Material to process:
((

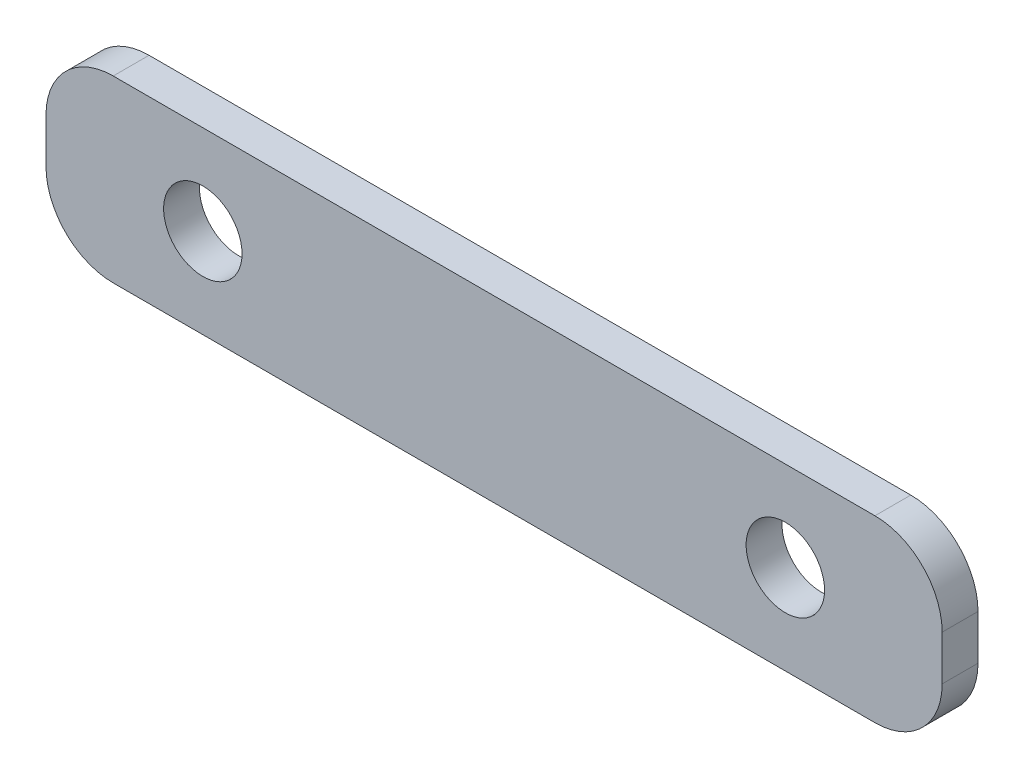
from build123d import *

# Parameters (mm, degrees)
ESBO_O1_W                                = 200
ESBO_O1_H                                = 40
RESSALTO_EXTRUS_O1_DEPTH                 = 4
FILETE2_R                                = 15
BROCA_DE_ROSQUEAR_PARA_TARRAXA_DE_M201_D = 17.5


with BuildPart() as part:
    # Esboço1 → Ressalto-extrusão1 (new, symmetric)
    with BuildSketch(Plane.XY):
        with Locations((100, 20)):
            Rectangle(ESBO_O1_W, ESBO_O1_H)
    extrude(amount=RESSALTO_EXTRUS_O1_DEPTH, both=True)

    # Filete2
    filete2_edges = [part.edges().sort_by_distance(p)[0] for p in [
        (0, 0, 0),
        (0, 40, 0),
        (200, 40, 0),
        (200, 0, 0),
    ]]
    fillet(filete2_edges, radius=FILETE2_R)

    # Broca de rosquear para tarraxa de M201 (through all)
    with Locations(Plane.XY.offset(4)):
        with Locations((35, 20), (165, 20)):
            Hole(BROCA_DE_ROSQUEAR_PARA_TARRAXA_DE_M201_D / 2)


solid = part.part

))

Exercise prompt: Write out, without alteration, the line that contains "# Broca de rosquear" and all subsequent lines down to the end of the data above.

Exercise solution:
    # Broca de rosquear para tarraxa de M201 (through all)
    with Locations(Plane.XY.offset(4)):
        with Locations((35, 20), (165, 20)):
            Hole(BROCA_DE_ROSQUEAR_PARA_TARRAXA_DE_M201_D / 2)


solid = part.part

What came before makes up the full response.